▸ Directions: Copy, exactly and without additions, every line in the records below from the one holding "line L2 (-10, 10) -> (-10, 4)" through the one holding "line L20 (3, -4) -> (-3, -4)", both ends included.

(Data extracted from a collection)
══════════════════════════════

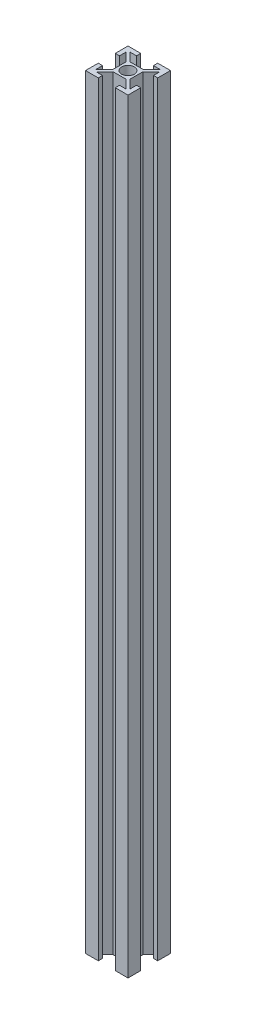
SolidWorks part; units mm, degrees
material "1060 Alloy"
ref_plane "Front Plane" through (0, 0, 0) normal (0, 0, 1) x (1, 0, 0)
ref_plane "Top Plane" through (0, 0, 0) normal (0, 1, 0) x (1, 0, 0)
ref_plane "Right Plane" through (0, 0, 0) normal (1, 0, 0) x (0, 0, -1)
sketch "2020 sketch" plane through (0, 0, 0) normal (0, 1, 0) x (1, 0, 0)
  line L0 (-4, 10) -> (-4, 8)
  line L1 (-10, 10) -> (-4, 10)
  line L2 (-10, 10) -> (-10, 4)
  line L3 (-10, -10) -> (-4, -10)
  line L4 (10, 10) -> (10, 4)
  line L5 (-10, 10) -> (10, -10) construction
  line L6 (-10, -10) -> (10, 10) construction
  line L7 (-4, 8) -> (-7, 8)
  line L8 (-7, 8) -> (-3, 4)
  line L9 (-3, 4) -> (3, 4)
  line L10 (3, 4) -> (7, 8)
  line L11 (7, 8) -> (4, 8)
  line L12 (4, 8) -> (4, 10)
  line L13 (4, 3) -> (4, -3)
  line L14 (8, 7) -> (4, 3)
  line L15 (8, 4) -> (8, 7)
  line L16 (10, 4) -> (8, 4)
  line L17 (8, -4) -> (10, -4)
  line L18 (8, -7) -> (8, -4)
  line L19 (4, -3) -> (8, -7)
  line L20 (3, -4) -> (-3, -4)
  line L21 (7, -8) -> (3, -4)
  line L22 (4, -8) -> (7, -8)
  line L23 (4, -10) -> (4, -8)
  line L24 (-4, -8) -> (-4, -10)
  line L25 (-7, -8) -> (-4, -8)
  line L26 (-3, -4) -> (-7, -8)
  line L27 (-4, -3) -> (-4, 3)
  line L28 (-8, -7) -> (-4, -3)
  line L29 (-8, -4) -> (-8, -7)
  line L30 (-10, -4) -> (-8, -4)
  line L31 (-8, 4) -> (-10, 4)
  line L32 (-8, 7) -> (-8, 4)
  line L33 (-4, 3) -> (-8, 7)
  line L34 (-10, -4) -> (-10, -10)
  line L35 (10, -4) -> (10, -10)
  line L36 (4, 10) -> (10, 10)
  line L37 (4, -10) -> (10, -10)
  circle A0 centre (0, 0) radius 3
  point P0 (0, 0)
  point P14 (4, 9)
  point P42 (0, 0)
  dimension "D9" = 6
  dimension "D1" = 20
  dimension "D2" = 20
  dimension "D3" = 8
  dimension "D4" = 6
  dimension "D5" = 6
  dimension "D6" = 2
  dimension "D7" = 4
  dimension "D8" = 4
extrude "Boss-Extrude1" add sketch "2020 sketch" along normal blind 360 contours A0 | L28 L27 L33 L32 L31 L2 L1 L0 L7 L8 L9 L10 L11 L12 L36 L4 L16 L15 L14 L13 L19 L18 L17 L35 L37 L23 L22 L21 L20 L26 L25 L24 L3 L34 L30 L29
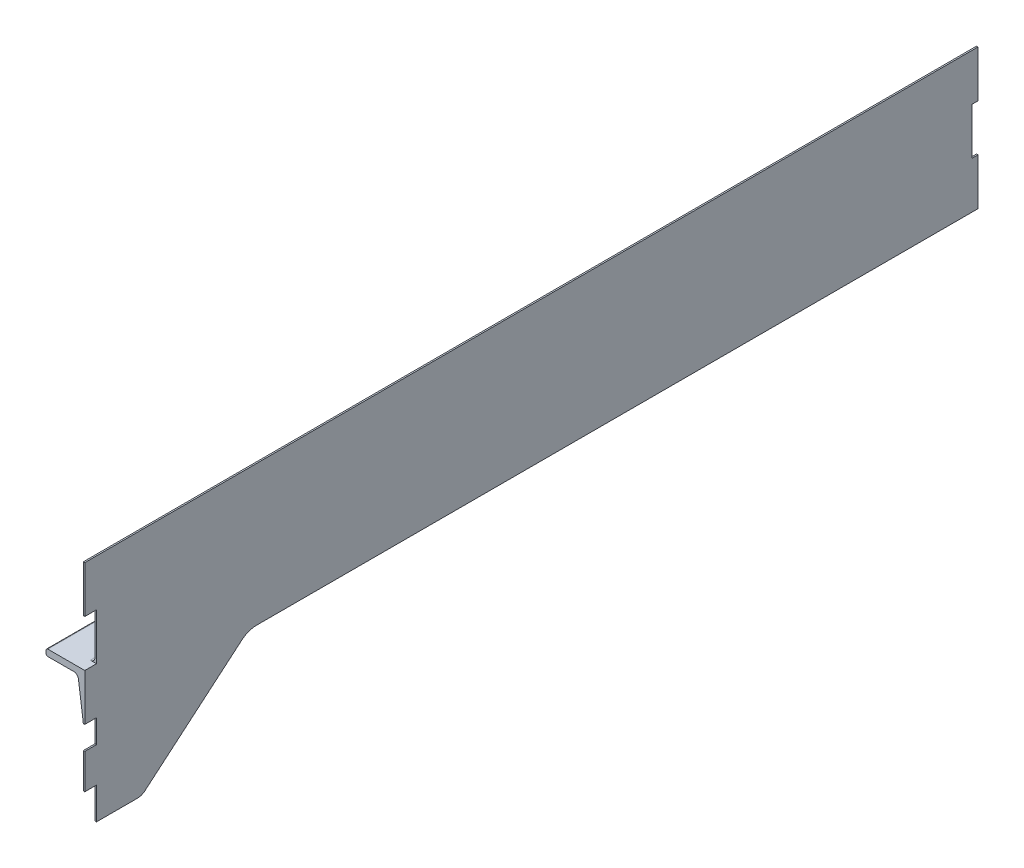
SolidWorks part; units mm, degrees
material "S-Glass Fiber"
ref_plane "Front Plane" through (0, 0, 0) normal (0, 0, 1) x (1, 0, 0)
ref_plane "Top Plane" through (0, 0, 0) normal (0, 1, 0) x (1, 0, 0)
ref_plane "Right Plane" through (0, 0, 0) normal (1, 0, 0) x (0, 0, -1)
ref_plane "Plane1" through (-94.488, 0, 0) normal (-1, 0, 0) x (0, -1, 0)
sketch "Sketch1" plane through (-94.488, 0, 0) normal (-1, 0, 0) x (0, -1, 0)
  line L4 (111.125, -203.2) -> (85.725, -203.2)
  line L5 (85.725, -203.2) -> (85.725, -196.85)
  line L6 (85.725, -196.85) -> (60.325, -196.85)
  line L7 (60.325, -196.85) -> (60.325, -682.625)
  line L8 (60.325, -682.625) -> (85.725, -682.625)
  line L9 (85.725, -682.625) -> (85.725, -679.45)
  line L10 (85.725, -679.45) -> (111.125, -679.45)
  line L11 (111.125, -679.45) -> (111.125, -682.625)
  line L12 (111.125, -682.625) -> (136.525, -682.625)
  line L13 (136.525, -682.625) -> (136.525, -196.85)
  line L14 (136.525, -196.85) -> (111.125, -196.85)
  line L15 (111.125, -196.85) -> (111.125, -203.2)
  line L16 (136.525, -196.85) -> (185.6232, -196.85) construction
  line L17 (185.6232, -196.85) -> (185.6232, -227.7965) construction
  line L18 (184.1182, -229.5729) -> (139.535, -282.1971)
  line L19 (136.525, -203.2) -> (149.225, -203.2)
  line L20 (149.225, -203.2) -> (149.225, -196.85)
  line L21 (168.275, -196.85) -> (168.275, -203.2)
  line L22 (168.275, -203.2) -> (185.6232, -203.2)
  line L23 (185.6232, -203.2) -> (185.6232, -225.4683)
  line L24 (168.275, -196.85) -> (149.225, -196.85)
  circle A0 centre (130.175, -666.75) radius 1.7526 construction
  circle A1 centre (130.175, -615.95) radius 1.7526 construction
  circle A2 centre (130.175, -565.15) radius 1.7526 construction
  circle A3 centre (130.175, -514.35) radius 1.7526 construction
  circle A4 centre (130.175, -463.55) radius 1.7526 construction
  circle A5 centre (130.175, -412.75) radius 1.7526 construction
  circle A6 centre (130.175, -361.95) radius 1.7526 construction
  circle A7 centre (130.175, -311.15) radius 1.7526 construction
  circle A8 centre (130.175, -260.35) radius 1.7526 construction
  circle A9 centre (130.175, -209.55) radius 1.7526 construction
  arc A10 (184.1182, -229.5729) -> (185.6232, -225.4683) centre (179.2732, -225.4683) ccw
  arc A11 (139.535, -282.1971) -> (136.525, -290.4065) centre (149.225, -290.4065) ccw
  point P38 (136.525, -285.75)
  dimension "D14" = 12.7
  dimension "D15" = 6.35
  dimension "D2" = 485.775
  dimension "D3" = 76.2
  dimension "D4" = 3.175
  dimension "D5" = 6.35
  dimension "D6" = 25.4
  dimension "D7" = 25.4
  dimension "D9" = 49.0982
  dimension "D10" = 82.55
  dimension "D11" = 40.271
  dimension "D12" = 19.05
  dimension "D13" = 12.7
extrude "Boss-Extrude1" add sketch "Sketch1" against normal blind 0.7937
sketch "Sketch4" plane through (0, 0, -679.45) normal (0, 0, -1) x (-1, 0, 0)
  line L0 (97.1661, -116.8229) -> (94.488, -136.525)
  line L1 (97.028, -111.125) -> (113.7935, -111.125)
  line L2 (94.488, -111.125) -> (94.488, -114.2531)
  line L3 (99.683, -114.625) -> (113.7935, -114.625)
  line L4 (114.7935, -112.125) -> (114.7935, -113.625)
  line L5 (94.488, -136.525) -> (94.488, -114.2531)
  line L10 (94.488, -111.125) -> (94.488, -108.585)
  arc A0 (97.1661, -116.8229) -> (99.683, -114.625) centre (99.683, -117.165) cw
  arc A1 (94.488, -108.585) -> (97.028, -111.125) centre (97.028, -108.585) ccw
  arc A2 (113.7935, -114.625) -> (114.7935, -113.625) centre (113.7935, -113.625) ccw
  arc A3 (113.7935, -111.125) -> (114.7935, -112.125) centre (113.7935, -112.125) cw
  point P9 (97.4649, -114.625)
  dimension "D3" = 2.54
  dimension "D4" = 2.54
  dimension "D1" = 1
  dimension "D2" = 3
extrude "Boss-Extrude2" add sketch "Sketch4" against normal blind 482.6
sketch "Sketch5" plane through (-93.6942, 0, 0) normal (1, 0, 0) x (0, 0, -1)
  line L1 (203.2, -111.125) -> (172.9789, -111.125)
  line L2 (203.2, -111.125) -> (203.2, -106.4235)
  line L3 (203.2, -106.4235) -> (172.9789, -106.4235)
  line L4 (172.9789, -111.125) -> (172.9789, -106.4235)
extrude "Cut-Extrude1" cut sketch "Sketch5" against normal blind 27.94
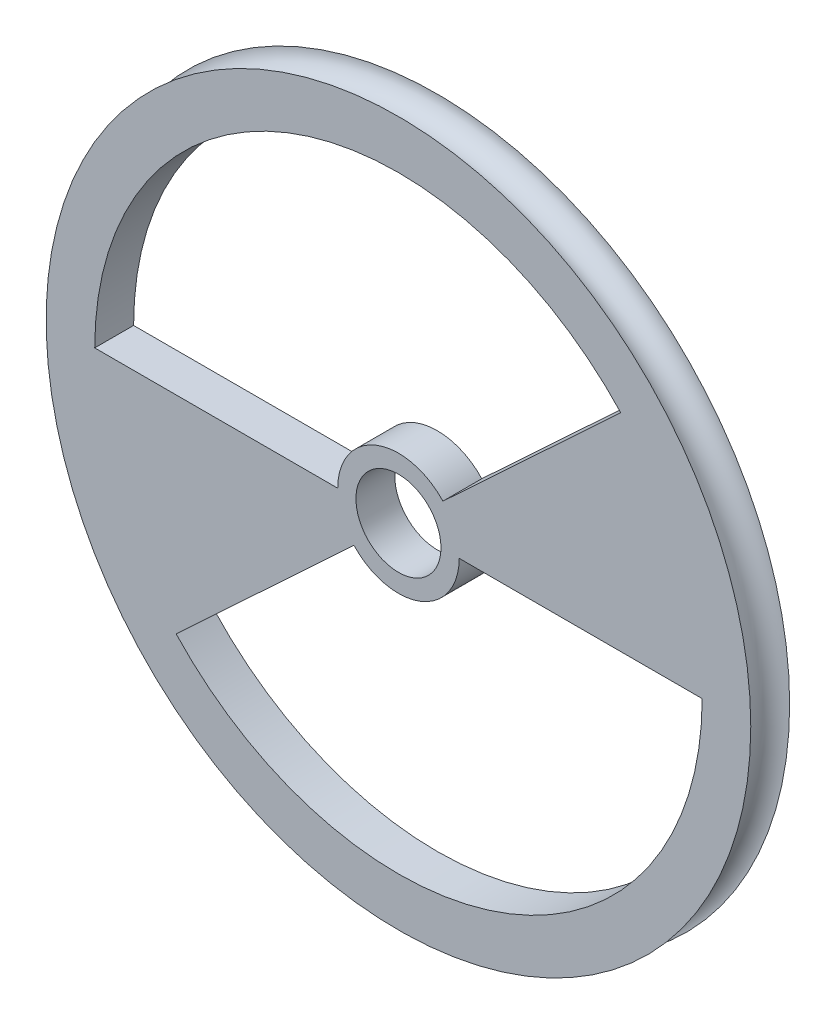
SolidWorks part; units mm, degrees
ref_plane "Front Plane" through (0, 0, 0) normal (0, 0, 1) x (1, 0, 0)
ref_plane "Top Plane" through (0, 0, 0) normal (0, 1, 0) x (1, 0, 0)
ref_plane "Right Plane" through (0, 0, 0) normal (1, 0, 0) x (0, 0, -1)
sketch "Sketch1" plane through (0, 0, 0) normal (0, 0, 1) x (1, 0, 0)
  line L0 (-5, 0) -> (-25, 0)
  line L1 (-3.66, -3.4066) -> (-18.2999, -17.0328)
  line L2 (5, 0) -> (25, 0)
  line L4 (3.66, 3.4066) -> (18.2999, 17.0328)
  circle A0 centre (0, 0) radius 29
  circle A1 centre (0, 0) radius 25
  circle A2 centre (0, 0) radius 3.5
  circle A3 centre (0, 0) radius 5
  dimension "D1" = 58
  dimension "D2" = 4
  dimension "D3" = 7
  dimension "D4" = 10
extrude "Boss-Extrude3" add sketch "Sketch1" along normal blind 3.2 contours A3 L0 A1 L1 | A3 L2 A1 L4 | A0 A1 | A3 A2
sketch "Sketch6" plane through (0, 0, 0) normal (1, 0, 0) x (0, 0, -1)
  line L0 (-3.2, 29) -> (-3.2, -29) construction
  line L1 (0, 29) -> (-3.2, 29)
  arc A0 (0, 29) -> (-3.2, 29) centre (-1.6, 29) cw
  dimension "D1" = 3.2
sketch "Sketch10" plane through (0, 0, 0) normal (1, 0, 0) x (0, 0, -1)
  line L0 (-3.2, 0) -> (0, 0)
  line L2 (-3.2, 29) -> (-3.2, -29) construction
  dimension "D1" = 3.2
revolve "Cut-Revolve4" cut sketch "Sketch6" angle 360 about L0
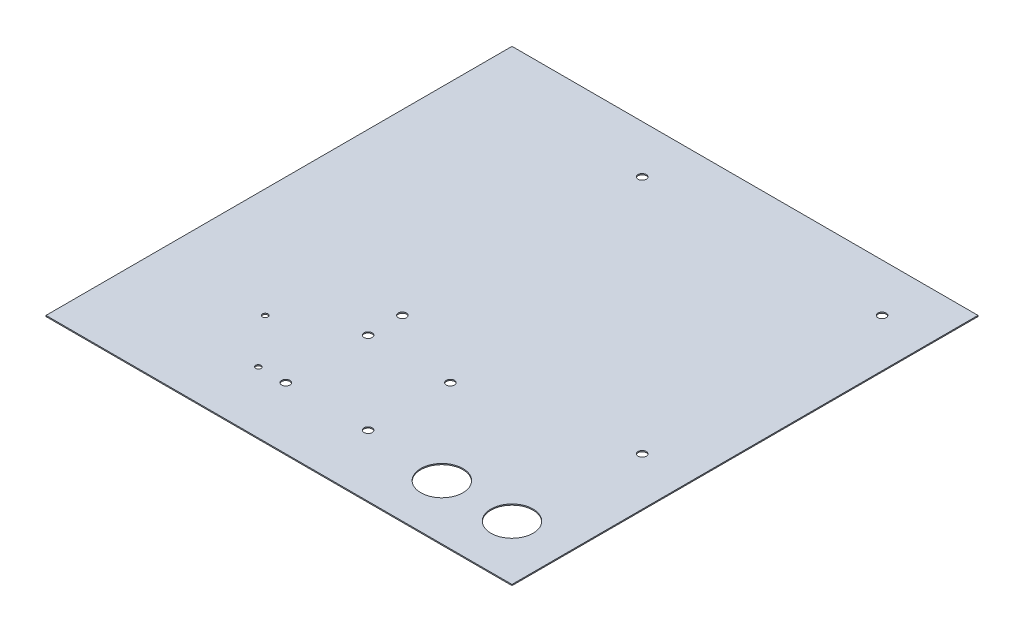
SolidWorks part; units mm, degrees
material "6061 Alloy"
ref_plane "Front Plane" through (0, 0, 0) normal (0, 0, 1) x (1, 0, 0)
ref_plane "Top Plane" through (0, 0, 0) normal (0, 1, 0) x (1, 0, 0)
ref_plane "Right Plane" through (0, 0, 0) normal (1, 0, 0) x (0, 0, -1)
sketch "Sketch1" plane through (0, 0, 0) normal (0, 0, 1) x (1, 0, 0)
  line L0 (0, 0.2032) -> (0, -0.2032)
  line L1 (-86.36, 0) -> (86.36, 0) construction
  point P6 (0, 0)
  dimension "Width" = 172.72
  dimension "Thk" = 0.4064
sketch "Sketch2" plane through (0, 0, 0) normal (1, 0, 0) x (0, 0, -1)
  line L0 (86.36, 0) -> (-86.36, 0)
  point P4 (0, 0)
  dimension "Length" = 172.72
sketch "Sketch3" plane through (0, 0, 0) normal (0, 0, 1) x (1, 0, 0)
  line L1 (86.36, 0.2032) -> (-86.36, 0.2032)
  line L2 (86.36, 0.2032) -> (86.36, -0.2032)
  line L3 (86.36, -0.2032) -> (-86.36, -0.2032)
  line L4 (-86.36, 0.2032) -> (-86.36, -0.2032)
  line L5 (86.36, 0.2032) -> (-86.36, -0.2032) construction
  line L6 (86.36, -0.2032) -> (-86.36, 0.2032) construction
  point P0 (0, 0)
extrude "Boss-Extrude1" add sketch "Sketch3" along normal up to vertex (86.36 mm away) and the other way up to vertex (86.36 mm away) up to point (0, 0, 86.36) other way up to point (0, 0, -86.36)
sketch "Sketch4" plane through (0, 0.2032, 0) normal (0, 1, 0) x (1, 0, 0)
  line L0 (86.36, -86.36) -> (86.36, 86.36) construction
  line L1 (86.36, -86.36) -> (-86.36, -86.36) construction
  circle A0 centre (40.04, -66.04) radius 7.8
  circle A1 centre (66.04, -66.04) radius 7.8
  dimension "D2" = 15.6
  dimension "D1" = 26
  dimension "D3" = 20.32
  dimension "D4" = 20.32
extrude "Cut-Extrude1" cut sketch "Sketch4" against normal through all
sketch "Sketch6" plane through (0, -0.2032, 0) normal (0, -1, 0) x (1, 0, 0)
  line L0 (86.36, 86.36) -> (86.36, -86.36) construction
  circle A0 centre (-20.32, 20.32) radius 1.524
  circle A1 centre (68.58, 20.32) radius 1.524
  circle A2 centre (68.58, -68.58) radius 1.524
  circle A3 centre (-20.32, -68.58) radius 1.524
  circle A4 centre (-20.32, 33.02) radius 1.524
  circle A5 centre (-20.32, 63.5203) radius 1.524
  circle A6 centre (10.1803, 63.5203) radius 1.524
  circle A7 centre (10.1803, 33.02) radius 1.524
  circle A8 centre (-45.72, 45.7403) radius 1
  circle A9 centre (-30.48, 63.5203) radius 1
  point P22 (-45.72, 63.5203)
  point P23 (0, 0)
  point P24 (0, 0)
  point P25 (0, 0)
  point P26 (-27.0127, 62.0528)
  point P27 (0, 0)
  dimension "D1" = 3.048
  dimension "D2" = 88.9
  dimension "D5" = 88.9
  dimension "D6" = 12.7
  dimension "D7" = 17.78
  dimension "D8" = 25.4
  dimension "D9" = 23.4176
  dimension "D10" = 15.24
  dimension "D11" = 17.78
  dimension "D3" = 2
  dimension "D4" = 2
extrude "Cut-Extrude2" cut sketch "Sketch6" against normal through all

══════════════════════════════

▸ Answer for the task:
  line L2 (-10, 10) -> (-10, 4)
  line L3 (-10, -10) -> (-4, -10)
  line L4 (10, 10) -> (10, 4)
  line L5 (-10, 10) -> (10, -10) construction
  line L6 (-10, -10) -> (10, 10) construction
  line L7 (-4, 8) -> (-7, 8)
  line L8 (-7, 8) -> (-3, 4)
  line L9 (-3, 4) -> (3, 4)
  line L10 (3, 4) -> (7, 8)
  line L11 (7, 8) -> (4, 8)
  line L12 (4, 8) -> (4, 10)
  line L13 (4, 3) -> (4, -3)
  line L14 (8, 7) -> (4, 3)
  line L15 (8, 4) -> (8, 7)
  line L16 (10, 4) -> (8, 4)
  line L17 (8, -4) -> (10, -4)
  line L18 (8, -7) -> (8, -4)
  line L19 (4, -3) -> (8, -7)
  line L20 (3, -4) -> (-3, -4)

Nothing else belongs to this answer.